### Information given ###

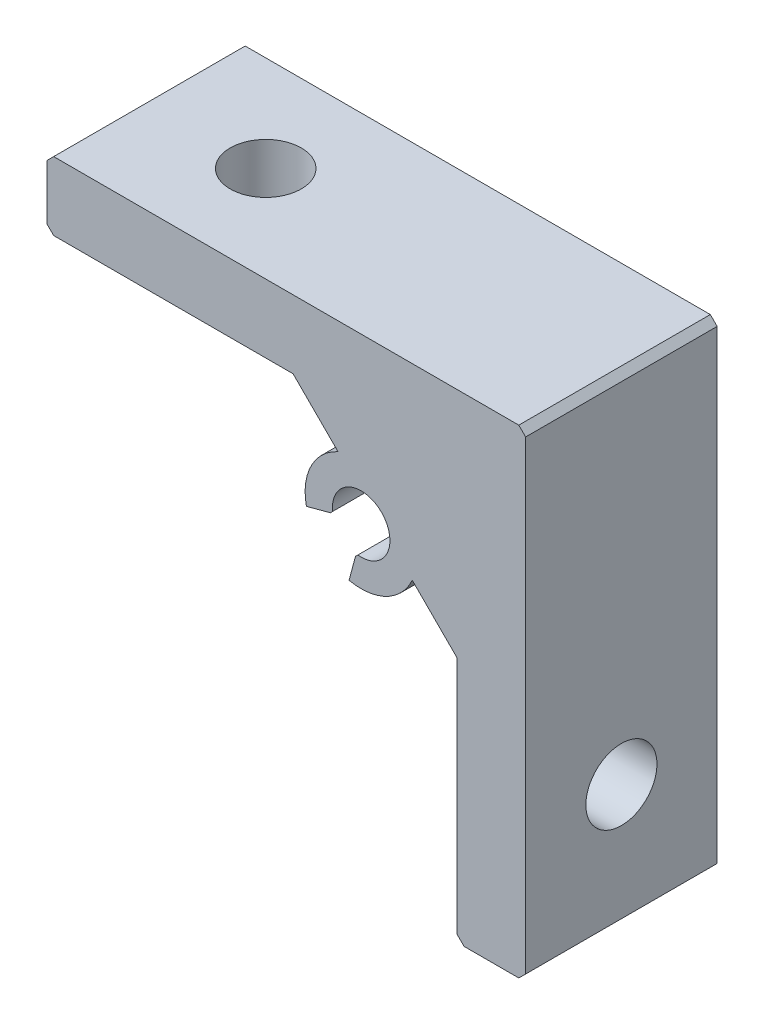
ISO-10303-21;
HEADER;
FILE_DESCRIPTION(('STEP AP214'),'2;1');
FILE_NAME('part.step','',(''),(''),'','','');
FILE_SCHEMA(('AUTOMOTIVE_DESIGN { 1 0 10303 214 1 1 1 1 }'));
ENDSEC;
DATA;
#1=APPLICATION_CONTEXT('core data for automotive mechanical design processes');
#2=APPLICATION_PROTOCOL_DEFINITION('international standard','automotive_design',2000,#1);
#3=PRODUCT_CONTEXT('',#1,'mechanical');
#4=PRODUCT('Part','Part','',(#3));
#5=PRODUCT_RELATED_PRODUCT_CATEGORY('part','',(#4));
#6=PRODUCT_DEFINITION_FORMATION('','',#4);
#7=PRODUCT_DEFINITION_CONTEXT('part definition',#1,'design');
#8=PRODUCT_DEFINITION('design','',#6,#7);
#9=PRODUCT_DEFINITION_SHAPE('','',#8);
#10=(LENGTH_UNIT() NAMED_UNIT(*) SI_UNIT(.MILLI.,.METRE.));
#11=(NAMED_UNIT(*) PLANE_ANGLE_UNIT() SI_UNIT($,.RADIAN.));
#12=(NAMED_UNIT(*) SI_UNIT($,.STERADIAN.) SOLID_ANGLE_UNIT());
#13=UNCERTAINTY_MEASURE_WITH_UNIT(LENGTH_MEASURE(1.E-05),#10,'distance_accuracy_value','');
#14=(GEOMETRIC_REPRESENTATION_CONTEXT(3) GLOBAL_UNCERTAINTY_ASSIGNED_CONTEXT((#13)) GLOBAL_UNIT_ASSIGNED_CONTEXT((#10,
#11,#12)) REPRESENTATION_CONTEXT('',''));
#15=CARTESIAN_POINT('',(0.,0.,0.));
#16=DIRECTION('',(0.,0.,1.));
#17=DIRECTION('',(1.,0.,0.));
#18=AXIS2_PLACEMENT_3D('',#15,#16,#17);
#19=CARTESIAN_POINT('',(-14.1062444746829,-12.2677668435979,14.));
#20=DIRECTION('',(0.707106781186547,-0.707106781186548,0.));
#21=DIRECTION('',(0.707106781186548,0.707106781186547,0.));
#22=AXIS2_PLACEMENT_3D('',#19,#20,#21);
#23=PLANE('',#22);
#24=DIRECTION('',(0.,0.,-1.));
#25=VECTOR('',#24,1.);
#26=CARTESIAN_POINT('',(-14.1062444746829,-12.2677668435979,14.));
#27=LINE('',#26,#25);
#28=CARTESIAN_POINT('',(-14.1062444746829,-12.2677668435979,0.));
#29=VERTEX_POINT('',#28);
#30=CARTESIAN_POINT('',(-14.1062444746829,-12.2677668435979,14.));
#31=VERTEX_POINT('',#30);
#32=EDGE_CURVE('E228',#29,#31,#27,.F.);
#33=ORIENTED_EDGE('',*,*,#32,.T.);
#34=DIRECTION('',(0.707106781186548,0.707106781186547,0.));
#35=VECTOR('',#34,1.);
#36=CARTESIAN_POINT('',(-14.1062444746829,-12.2677668435979,14.));
#37=LINE('',#36,#35);
#38=CARTESIAN_POINT('',(-14.2753859503142,-12.4369083192292,14.));
#39=VERTEX_POINT('',#38);
#40=EDGE_CURVE('E286',#31,#39,#37,.F.);
#41=ORIENTED_EDGE('',*,*,#40,.T.);
#42=DIRECTION('',(0.,0.,1.));
#43=VECTOR('',#42,1.);
#44=CARTESIAN_POINT('',(-14.2753859503142,-12.4369083192292,14.));
#45=LINE('',#44,#43);
#46=CARTESIAN_POINT('',(-14.2753859503142,-12.4369083192292,0.));
#47=VERTEX_POINT('',#46);
#48=EDGE_CURVE('E168',#47,#39,#45,.T.);
#49=ORIENTED_EDGE('',*,*,#48,.F.);
#50=DIRECTION('',(0.707106781186548,0.707106781186547,0.));
#51=VECTOR('',#50,1.);
#52=CARTESIAN_POINT('',(-14.1062444746829,-12.2677668435979,0.));
#53=LINE('',#52,#51);
#54=EDGE_CURVE('E292',#47,#29,#53,.T.);
#55=ORIENTED_EDGE('',*,*,#54,.T.);
#56=EDGE_LOOP('',(#33,#41,#49,#55));
#57=FACE_BOUND('',#56,.T.);
#58=ADVANCED_FACE('F16',(#57),#23,.T.);
#59=CARTESIAN_POINT('',(-13.8511218816023,-15.6895995126873,14.));
#60=DIRECTION('',(-0.707106781186548,0.707106781186547,0.));
#61=DIRECTION('',(-0.707106781186547,-0.707106781186548,0.));
#62=AXIS2_PLACEMENT_3D('',#59,#60,#61);
#63=PLANE('',#62);
#64=DIRECTION('',(0.,0.,-1.));
#65=VECTOR('',#64,1.);
#66=CARTESIAN_POINT('',(-12.2677668435979,-14.1062444746829,14.));
#67=LINE('',#66,#65);
#68=CARTESIAN_POINT('',(-12.2677668435979,-14.1062444746829,14.));
#69=VERTEX_POINT('',#68);
#70=CARTESIAN_POINT('',(-12.2677668435979,-14.1062444746829,0.));
#71=VERTEX_POINT('',#70);
#72=EDGE_CURVE('E167',#69,#71,#67,.T.);
#73=ORIENTED_EDGE('',*,*,#72,.T.);
#74=DIRECTION('',(-0.707106781186547,-0.707106781186548,0.));
#75=VECTOR('',#74,1.);
#76=CARTESIAN_POINT('',(-13.8511218816023,-15.6895995126873,0.));
#77=LINE('',#76,#75);
#78=CARTESIAN_POINT('',(-12.4369083192292,-14.2753859503142,0.));
#79=VERTEX_POINT('',#78);
#80=EDGE_CURVE('E283',#71,#79,#77,.T.);
#81=ORIENTED_EDGE('',*,*,#80,.T.);
#82=DIRECTION('',(0.,0.,1.));
#83=VECTOR('',#82,1.);
#84=CARTESIAN_POINT('',(-12.4369083192292,-14.2753859503142,14.));
#85=LINE('',#84,#83);
#86=CARTESIAN_POINT('',(-12.4369083192292,-14.2753859503142,14.));
#87=VERTEX_POINT('',#86);
#88=EDGE_CURVE('E225',#87,#79,#85,.F.);
#89=ORIENTED_EDGE('',*,*,#88,.F.);
#90=DIRECTION('',(-0.707106781186547,-0.707106781186548,0.));
#91=VECTOR('',#90,1.);
#92=CARTESIAN_POINT('',(-13.8511218816023,-15.6895995126873,14.));
#93=LINE('',#92,#91);
#94=EDGE_CURVE('E284',#87,#69,#93,.F.);
#95=ORIENTED_EDGE('',*,*,#94,.T.);
#96=EDGE_LOOP('',(#73,#81,#89,#95));
#97=FACE_BOUND('',#96,.T.);
#98=ADVANCED_FACE('F457',(#97),#63,.T.);
#99=CARTESIAN_POINT('',(-4.75,-34.75,0.));
#100=DIRECTION('',(-0.707106781186546,-0.707106781186549,0.));
#101=DIRECTION('',(0.707106781186549,-0.707106781186546,0.));
#102=AXIS2_PLACEMENT_3D('',#99,#100,#101);
#103=PLANE('',#102);
#104=DIRECTION('',(0.707106781186549,-0.707106781186546,0.));
#105=VECTOR('',#104,1.);
#106=CARTESIAN_POINT('',(-4.75,-34.75,0.));
#107=LINE('',#106,#105);
#108=CARTESIAN_POINT('',(-5.,-34.5,0.));
#109=VERTEX_POINT('',#108);
#110=CARTESIAN_POINT('',(-4.5,-35.,0.));
#111=VERTEX_POINT('',#110);
#112=EDGE_CURVE('E279',#109,#111,#107,.T.);
#113=ORIENTED_EDGE('',*,*,#112,.T.);
#114=DIRECTION('',(0.,0.,-1.));
#115=VECTOR('',#114,1.);
#116=CARTESIAN_POINT('',(-4.5,-35.,0.));
#117=LINE('',#116,#115);
#118=CARTESIAN_POINT('',(-4.5,-35.,14.));
#119=VERTEX_POINT('',#118);
#120=EDGE_CURVE('E195',#119,#111,#117,.T.);
#121=ORIENTED_EDGE('',*,*,#120,.F.);
#122=DIRECTION('',(0.707106781186549,-0.707106781186546,0.));
#123=VECTOR('',#122,1.);
#124=CARTESIAN_POINT('',(-4.75,-34.75,14.));
#125=LINE('',#124,#123);
#126=CARTESIAN_POINT('',(-5.,-34.5,14.));
#127=VERTEX_POINT('',#126);
#128=EDGE_CURVE('E281',#119,#127,#125,.F.);
#129=ORIENTED_EDGE('',*,*,#128,.T.);
#130=DIRECTION('',(0.,0.,1.));
#131=VECTOR('',#130,1.);
#132=CARTESIAN_POINT('',(-5.,-34.5,0.));
#133=LINE('',#132,#131);
#134=EDGE_CURVE('E203',#109,#127,#133,.T.);
#135=ORIENTED_EDGE('',*,*,#134,.F.);
#136=EDGE_LOOP('',(#113,#121,#129,#135));
#137=FACE_BOUND('',#136,.T.);
#138=ADVANCED_FACE('F472',(#137),#103,.T.);
#139=CARTESIAN_POINT('',(-0.25,-34.75,0.));
#140=DIRECTION('',(0.707106781186546,-0.707106781186549,0.));
#141=DIRECTION('',(0.707106781186549,0.707106781186546,0.));
#142=AXIS2_PLACEMENT_3D('',#139,#140,#141);
#143=PLANE('',#142);
#144=DIRECTION('',(0.707106781186549,0.707106781186546,0.));
#145=VECTOR('',#144,1.);
#146=CARTESIAN_POINT('',(-0.25,-34.75,0.));
#147=LINE('',#146,#145);
#148=CARTESIAN_POINT('',(-0.5,-35.,0.));
#149=VERTEX_POINT('',#148);
#150=CARTESIAN_POINT('',(0.,-34.5,0.));
#151=VERTEX_POINT('',#150);
#152=EDGE_CURVE('E270',#149,#151,#147,.T.);
#153=ORIENTED_EDGE('',*,*,#152,.T.);
#154=DIRECTION('',(0.,0.,-1.));
#155=VECTOR('',#154,1.);
#156=CARTESIAN_POINT('',(0.,-34.5,0.));
#157=LINE('',#156,#155);
#158=CARTESIAN_POINT('',(0.,-34.5,14.));
#159=VERTEX_POINT('',#158);
#160=EDGE_CURVE('E191',#159,#151,#157,.T.);
#161=ORIENTED_EDGE('',*,*,#160,.F.);
#162=DIRECTION('',(0.707106781186549,0.707106781186546,0.));
#163=VECTOR('',#162,1.);
#164=CARTESIAN_POINT('',(-0.25,-34.75,14.));
#165=LINE('',#164,#163);
#166=CARTESIAN_POINT('',(-0.5,-35.,14.));
#167=VERTEX_POINT('',#166);
#168=EDGE_CURVE('E277',#159,#167,#165,.F.);
#169=ORIENTED_EDGE('',*,*,#168,.T.);
#170=DIRECTION('',(0.,0.,-1.));
#171=VECTOR('',#170,1.);
#172=CARTESIAN_POINT('',(-0.5,-35.,0.));
#173=LINE('',#172,#171);
#174=EDGE_CURVE('E200',#149,#167,#173,.F.);
#175=ORIENTED_EDGE('',*,*,#174,.F.);
#176=EDGE_LOOP('',(#153,#161,#169,#175));
#177=FACE_BOUND('',#176,.T.);
#178=ADVANCED_FACE('F473',(#177),#143,.T.);
#179=CARTESIAN_POINT('',(0.,-26.,7.));
#180=DIRECTION('',(-1.,0.,0.));
#181=DIRECTION('',(0.,0.,1.));
#182=AXIS2_PLACEMENT_3D('',#179,#180,#181);
#183=CYLINDRICAL_SURFACE('',#182,2.6);
#184=CARTESIAN_POINT('',(0.,-26.,7.));
#185=DIRECTION('',(-1.,0.,0.));
#186=DIRECTION('',(0.,0.,1.));
#187=AXIS2_PLACEMENT_3D('',#184,#185,#186);
#188=CIRCLE('',#187,2.6);
#189=CARTESIAN_POINT('',(0.,-26.,9.6));
#190=VERTEX_POINT('',#189);
#191=EDGE_CURVE('E187',#190,#190,#188,.T.);
#192=ORIENTED_EDGE('',*,*,#191,.F.);
#193=EDGE_LOOP('',(#192));
#194=FACE_BOUND('',#193,.T.);
#195=CARTESIAN_POINT('',(-5.,-26.,7.));
#196=DIRECTION('',(-1.,0.,0.));
#197=DIRECTION('',(0.,0.,1.));
#198=AXIS2_PLACEMENT_3D('',#195,#196,#197);
#199=CIRCLE('',#198,2.6);
#200=CARTESIAN_POINT('',(-5.,-26.,9.6));
#201=VERTEX_POINT('',#200);
#202=EDGE_CURVE('E193',#201,#201,#199,.F.);
#203=ORIENTED_EDGE('',*,*,#202,.F.);
#204=EDGE_LOOP('',(#203));
#205=FACE_BOUND('',#204,.T.);
#206=ADVANCED_FACE('F506',(#194,#205),#183,.F.);
#207=CARTESIAN_POINT('',(-34.75,-4.75,0.));
#208=DIRECTION('',(-0.707106781186549,-0.707106781186546,0.));
#209=DIRECTION('',(0.707106781186546,-0.707106781186549,0.));
#210=AXIS2_PLACEMENT_3D('',#207,#208,#209);
#211=PLANE('',#210);
#212=DIRECTION('',(0.707106781186546,-0.707106781186549,0.));
#213=VECTOR('',#212,1.);
#214=CARTESIAN_POINT('',(-34.75,-4.75,0.));
#215=LINE('',#214,#213);
#216=CARTESIAN_POINT('',(-35.,-4.5,0.));
#217=VERTEX_POINT('',#216);
#218=CARTESIAN_POINT('',(-34.5,-5.,0.));
#219=VERTEX_POINT('',#218);
#220=EDGE_CURVE('E269',#217,#219,#215,.T.);
#221=ORIENTED_EDGE('',*,*,#220,.T.);
#222=DIRECTION('',(0.,0.,-1.));
#223=VECTOR('',#222,1.);
#224=CARTESIAN_POINT('',(-34.5,-5.,0.));
#225=LINE('',#224,#223);
#226=CARTESIAN_POINT('',(-34.5,-5.,14.));
#227=VERTEX_POINT('',#226);
#228=EDGE_CURVE('E190',#227,#219,#225,.T.);
#229=ORIENTED_EDGE('',*,*,#228,.F.);
#230=DIRECTION('',(0.707106781186546,-0.707106781186549,0.));
#231=VECTOR('',#230,1.);
#232=CARTESIAN_POINT('',(-34.75,-4.75,14.));
#233=LINE('',#232,#231);
#234=CARTESIAN_POINT('',(-35.,-4.5,14.));
#235=VERTEX_POINT('',#234);
#236=EDGE_CURVE('E267',#227,#235,#233,.F.);
#237=ORIENTED_EDGE('',*,*,#236,.T.);
#238=DIRECTION('',(0.,0.,1.));
#239=VECTOR('',#238,1.);
#240=CARTESIAN_POINT('',(-35.,-4.5,0.));
#241=LINE('',#240,#239);
#242=EDGE_CURVE('E239',#217,#235,#241,.T.);
#243=ORIENTED_EDGE('',*,*,#242,.F.);
#244=EDGE_LOOP('',(#221,#229,#237,#243));
#245=FACE_BOUND('',#244,.T.);
#246=ADVANCED_FACE('F447',(#245),#211,.T.);
#247=CARTESIAN_POINT('',(-35.,0.,0.));
#248=DIRECTION('',(-1.,0.,0.));
#249=DIRECTION('',(0.,0.,1.));
#250=AXIS2_PLACEMENT_3D('',#247,#248,#249);
#251=PLANE('',#250);
#252=ORIENTED_EDGE('',*,*,#242,.T.);
#253=DIRECTION('',(0.,1.,0.));
#254=VECTOR('',#253,1.);
#255=CARTESIAN_POINT('',(-35.,-11.616677844367,14.));
#256=LINE('',#255,#254);
#257=CARTESIAN_POINT('',(-35.,-0.500000000000001,14.));
#258=VERTEX_POINT('',#257);
#259=EDGE_CURVE('E264',#258,#235,#256,.F.);
#260=ORIENTED_EDGE('',*,*,#259,.F.);
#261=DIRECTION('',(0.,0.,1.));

###

_What to produce_. Would you please reproduce verbatim the run of lines that opens the listing and ends with the line holding "#11=(NAMED_UNIT(*) PLANE_ANGLE_UNIT() SI_UNIT($,.RADIAN.));", and only that run, leaving every picture out?

_Task result_.
ISO-10303-21;
HEADER;
FILE_DESCRIPTION(('STEP AP214'),'2;1');
FILE_NAME('part.step','',(''),(''),'','','');
FILE_SCHEMA(('AUTOMOTIVE_DESIGN { 1 0 10303 214 1 1 1 1 }'));
ENDSEC;
DATA;
#1=APPLICATION_CONTEXT('core data for automotive mechanical design processes');
#2=APPLICATION_PROTOCOL_DEFINITION('international standard','automotive_design',2000,#1);
#3=PRODUCT_CONTEXT('',#1,'mechanical');
#4=PRODUCT('Part','Part','',(#3));
#5=PRODUCT_RELATED_PRODUCT_CATEGORY('part','',(#4));
#6=PRODUCT_DEFINITION_FORMATION('','',#4);
#7=PRODUCT_DEFINITION_CONTEXT('part definition',#1,'design');
#8=PRODUCT_DEFINITION('design','',#6,#7);
#9=PRODUCT_DEFINITION_SHAPE('','',#8);
#10=(LENGTH_UNIT() NAMED_UNIT(*) SI_UNIT(.MILLI.,.METRE.));
#11=(NAMED_UNIT(*) PLANE_ANGLE_UNIT() SI_UNIT($,.RADIAN.));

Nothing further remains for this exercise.